MYKEYPAIR: name of the private key you use in AWS console when launching new instances (this is not a path to the private key on the instance you are running the script from!).
SUBNET_ID: ID of the subnet you are using. It is something one creates when starting with EC2 in AWS.
SECURITY_GROUP: name of the existing security group that this instance should use.
The script that runs at instance launch
The following commands in the script are run as soon as each instance is created.
At the top of the script, the operating system is updated, python is installed and JDK as well.
#!/bin/sh sudo apt-get update -y && \ sudo apt-get install python-minimal -y && \ sudo apt-get install default-jdk -y && \ cd /etc/ && \ sudo wget http://d3kbcqa49mib13.cloudfront.net/spark-2.0.1-bin-hadoop2.7.tgz && \ sudo tar -xvzf spark-2.0.1-bin-hadoop2.7.tgz && \ sudo rm spark-2.0.1-bin-hadoop2.7.tgz && \ sudo useradd spark && \ export SPARK_HOME=/etc/spark-2.0.1-bin-hadoop2.7 && \ sudo chown -R spark:spark $SPARK_HOME && \ sudo -u spark mkdir $SPARK_HOME/logs && \ sudo -u spark $SPARK_HOME/sbin/start-slave.sh spark://ip-10-0-0-95.eu-west-1.compute.internal:7077
Lines 6-7: Spark package is downloaded into /etc/ and unpacked.
Line 14: The slave is started and connected to the master node (Spark Master’s URL address is the script’s parameter).

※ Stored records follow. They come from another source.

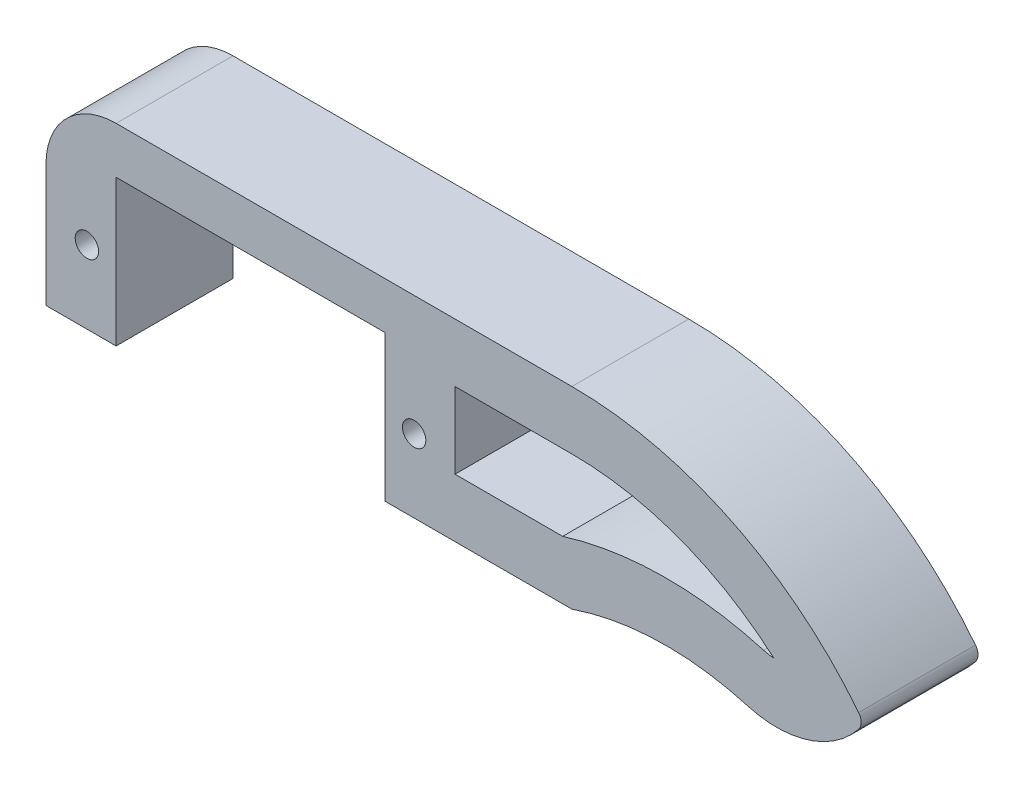
from build123d import *

# Parameters (mm, degrees)
CROQUIS1_R              = 1
SALIENTE_EXTRUIR1_DEPTH = 10
SALIENTE_EXTRUIR2_DEPTH = 10
REDONDEO1_R             = 1
REDONDEO2_R             = 6


with BuildPart() as part:
    # Croquis1 → Saliente-Extruir1 (new body)
    with BuildSketch(Plane.XY):
        Polygon((0, 0), (6, 0), (6, 12.5), (29, 12.5), (29, 0), (35, 0), (35, 16.5), (0, 16.5), align=None)
        with Locations((3.5, 6.25)):
            Circle(CROQUIS1_R, mode=Mode.SUBTRACT)
        with Locations((31.5, 6.25)):
            Circle(CROQUIS1_R, mode=Mode.SUBTRACT)
    extrude(amount=-SALIENTE_EXTRUIR1_DEPTH)

    # Croquis4 → Saliente-Extruir2 (add, through all)
    with BuildSketch(Plane.XY):
        with BuildLine():
            Line((45, 11.5), (35, 11.5))
            Line((35, 11.5), (35, 16.5))
            Line((35, 16.5), (45, 16.5))
            ThreePointArc((45, 16.5), (58.975424859, 13.200849719), (70, 4))
            ThreePointArc((70, 4), (65.603760626, 0.546008902), (60.016254104, 0.354316441))
            ThreePointArc((60.016254104, 0.354316441), (52.480888042, 1.331572321), (45, 0))
            Line((45, 0), (35, 0))
            Line((35, 0), (35, 5))
            Line((35, 5), (44.209457127, 5))
            ThreePointArc((44.209457127, 5), (52.795894624, 6.337270923), (61.405382505, 5.157473974))
            ThreePointArc((61.405382505, 5.157473974), (61.84041484, 5.057582168), (62.283868073, 5.006781226))
            ThreePointArc((62.283868073, 5.006781226), (54.231657294, 9.823135811), (45, 11.5))
        make_face()
    extrude(amount=-SALIENTE_EXTRUIR2_DEPTH)

    # Redondeo1
    redondeo1_edges = [part.edges().sort_by_distance(p)[0] for p in [
        (70, 4, -5),
    ]]
    fillet(redondeo1_edges, radius=REDONDEO1_R)

    # Redondeo2
    redondeo2_edges = [part.edges().sort_by_distance(p)[0] for p in [
        (0, 16.5, -5),
    ]]
    fillet(redondeo2_edges, radius=REDONDEO2_R)


solid = part.part

Example of running the script
Thre following example creates a Spark cluster with 3 workers.
sh create-spark-cluster.sh 3
Example of the output:
10.0.0.104 ip-10-0-0-104.eu-west-1.compute.internal worker01 10.0.0.80 ip-10-0-0-80.eu-west-1.compute.internal worker02 10.0.0.47 ip-10-0-0-47.eu-west-1.compute.internal worker03
These three lines are also added to the /etc/hosts.
The Spark Master Web Interface (SPARK_MASTER_PUBLIC_IP:8080) gives more details about the Spark cluster.
The interface displays the recently added workers with State being ALIVE. Two workers have are in state DEAD – they have been terminated from AWS, but Spark Master has not updated the Workers statistic yet.
Memory in use is 3 GB – the instances used in the cluster creation has one GB each.
Conclusion
The blog post shows a very simple way of creating a Spark cluster. The cluster creation script can be made a lot more dynamic and the script that is run on the newly created instances could be extended (installing python packaged needed for work).